John Robert Fowles was born March 31, 1926, in Leigh-on-Sea, Essex, in eastern England.

His father was a tobacconist, whom he called "moody and overbearing." He said his mother was "very gentle, and I feel the more creative side of me comes from her, just as my emotions come from my father."

At the elite Bedford School in London, he became "head boy" because of his academic and athletic standing and largely conformed to the power structure he came to loathe. "I was chief of a Gestapo-like network of prefects," he later said. "By the age of 18, I had had dominion over 600 boys, and learnt all about power, hierarchy and the manipulation of law."

After compulsory service in the Royal Marines, he studied at Oxford University and was captivated by such French existentialist writers as Jean-Paul Sartre and Albert Camus. After his graduation in 1950, he taught English at a boys' school on the Greek island of Spetsai and a girls' school in London.

He described having an active fantasy life that he eventually channeled into fiction. He once said that "teaching is a good profession for a writer, because it gives him a sharp sense of futility. I am sure this is a principal drive in all artists: the effort not to waste what one is."

He wrote a dozen books -- including what he called in retrospect a "perfectly wretched" book of travel pieces on Greece -- before "The Collector" was published.

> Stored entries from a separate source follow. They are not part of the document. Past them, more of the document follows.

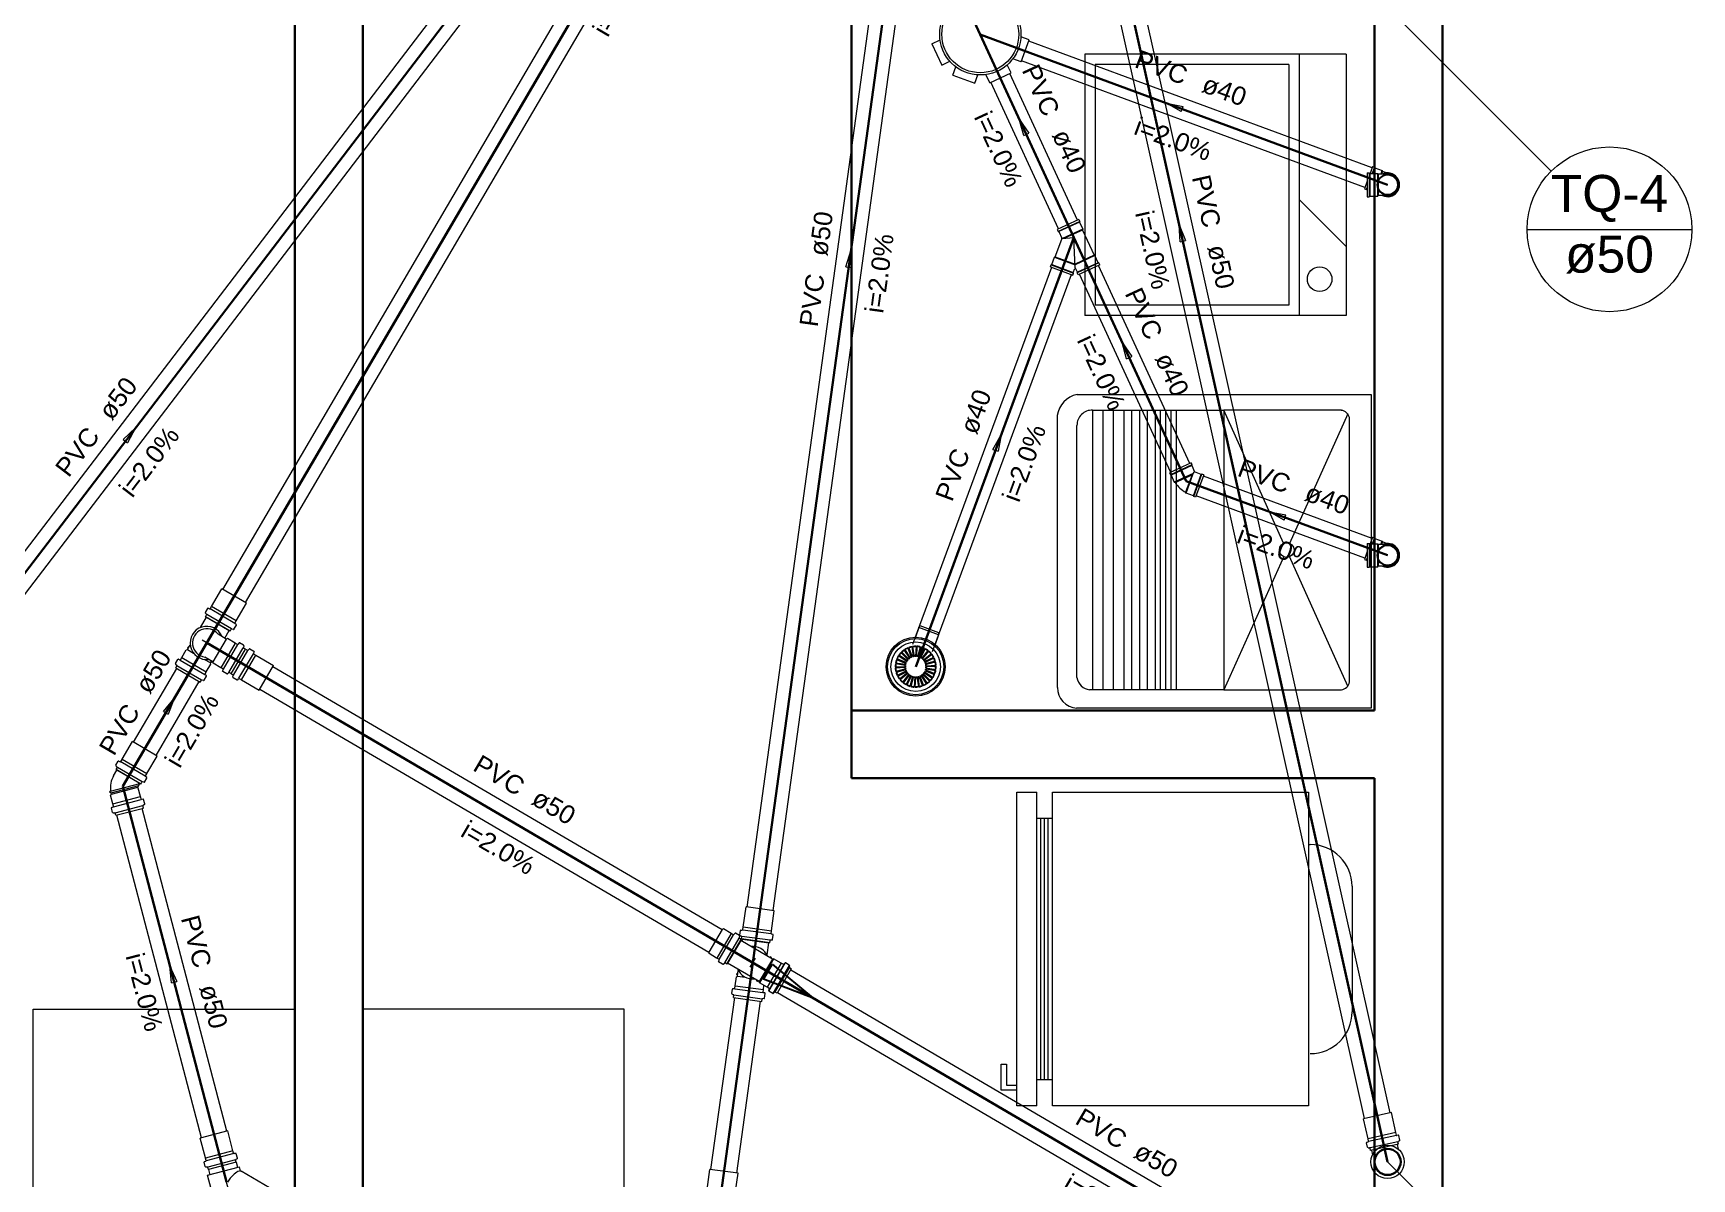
# Model space of a CAD drawing. Header units: inches. Extents: x -27 to 114, y -35 to 60.
# Drawn here: x 51.783 to 54.955, y -30.047 to -27.856 of the extents above; entities that cross this region are included whole.
import ezdxf

# ---------------------------------------------------------------- set-up
doc = ezdxf.new("R2010")
doc.units = ezdxf.units.IN
doc.header["$LTSCALE"] = 10
doc.header["$MEASUREMENT"] = 0
for name, color, linetype, lineweight in [('CV-Sentido tubo', 8, 'Continuous', 20), ('CV-Seção tubo', 160, 'Continuous', 20), ('CV-Tubos detalhe', 6, 'Continuous', 30), ('Simbolos', 160, 'Continuous', 20), ('Simbolos_int', 5, 'Continuous', 5), ('TQ-Colunas', 6, 'Continuous', 30), ('TQ-Indicação coluna', 5, 'Continuous', 20), ('TQ-Sentido tubo', 8, 'Continuous', 20), ('TQ-Seção tubo', 160, 'Continuous', 20), ('TQ-Textos coluna', 7, 'Continuous', 20), ('TQ-Textos tubo', 7, 'Continuous', 20), ('TQ-Tubos detalhe', 6, 'Continuous', 30), ('xeixo', 3, 'Continuous', 20), ('xmoveis', 253, 'Continuous', 20), ('xparede', 7, 'Continuous', 30), ('xpiso', 4, 'Continuous', 30)]:
    doc.layers.add(name, color=color, linetype=linetype, lineweight=lineweight)
doc.styles.add('Arial', font='arial.ttf')
doc.dimstyles.get("Standard").update_dxf_attribs({"dimtxt": 0.18, "dimasz": 0.18, "dimexe": 0.18, "dimexo": 0.0625, "dimgap": 0.09, "dimtad": 0, "dimtih": 1, "dimtoh": 1, "dimdec": 4, "dimzin": 0, "dimdsep": 46, "dimtxsty": 'Standard', "dimcen": 0.09, "dimadec": 0, "dimazin": 0, "dimtfac": 1, "dimtdec": 4, "dimtofl": 0, "dimtmove": 0, "dimatfit": 3, "dimfxl": 0, "dimtolj": 1, "dimtzin": 0, "dimarcsym": 0})

# ---------------------------------------------------------------- blocks, each defined once
blk = doc.blocks.new('_Closed')
at = {"color": 0, "linetype": 'ByBlock', "lineweight": -2}
for p, q in [((-1, 0.166667), (0, 0)), ((-1, 0.166667), (-1, -0.166667)), ((0, 0), (-1, -0.166667)), ((0, 0), (-1, 0))]:
    blk.add_line(p, q, dxfattribs=at)

msp = doc.modelspace()

# ---------------------------------------------------------------- linework, layer by layer
at = {"layer": 'CV-Seção tubo'}
for p, q in [((52.2419, -29.0674), (53.1008, -29.5703)), ((52.2167, -29.1105), (53.0755, -29.6134)), ((53.2323, -29.6473), (54.3176, -30.2828)), ((53.207, -29.6904), (54.2924, -30.326))]:
    msp.add_line(p, q, dxfattribs=at)
at = {"layer": 'CV-Tubos detalhe'}
msp.add_line((52.1154, -29.0222), (54.3736, -30.3446), dxfattribs=at)
at = {"layer": 'Simbolos'}
for p, q in [((52.1247, -28.9524), (52.1444, -28.9187)), ((52.1127, -28.9639), (52.1172, -28.9564)), ((52.1183, -28.9559), (52.1208, -28.957)), ((52.1222, -28.9567), (52.1246, -28.9526)), ((52.1246, -28.9526), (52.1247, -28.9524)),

The novel concerned an impotent clerk, Frederick Clegg, who comes into a fortune, moves to a secluded estate and kidnaps his long-held desire, an art student named Miranda Grey. After jailing her in a secret chamber, he tries to win her love, and she tries to win her freedom within limits he sets.

He intended the book as a statement on material excess and the contempt he saw among the wealthy for the less fortunate.

His next book was "Aristos: A Self-Portrait in Ideas" (1964), in which he analyzed modern life. His inspiration was the 17th-century French scientist Blaise Pascal, whose collected philosophical musings were published as "Pensees."

He followed with "The Magus," a story set on a Greek island about a schoolteacher who comes under the sway of a sorcerer. He called it "a fable about the relationship between man and his conception of God." But critics dismissed it as pretentious, and Mr. Fowles largely agreed.

"The French Lieutenant's Woman" was hailed as Mr. Fowles's masterpiece, and he called the 1981 film version, with Meryl Streep and Jeremy Irons, the best of the filmed adaptations of his works.

Over the years, he turned out collections of short stories and essays; text to accompany books of photographs; and several more novels, including "Daniel Martin" (1977), about a failed British playwright working as a Hollywood screenwriter, and "A Maggot" (1985), a detective tale involving mysterious travelers set in 18th-century England.

Mr. Fowles largely shunned social events and spent his spare time studying gardening and working as curator and archivist of his town's museum, where he took great delight in answering letters he regarded as pompous.

"I used to get very, very sick of letters from people asking me to trace a great-great-great grandfather related to some baronet. Just clawing at social status," he once said. "It was my chief joy to write back and say he was an ostler [a stablekeeper] at the local pub and a well-known drunk."

His first wife, Elizabeth Whitton Fowles, died in 1990.

Survivors include his second wife, Sarah Smith Fowles, whom he married in 1998.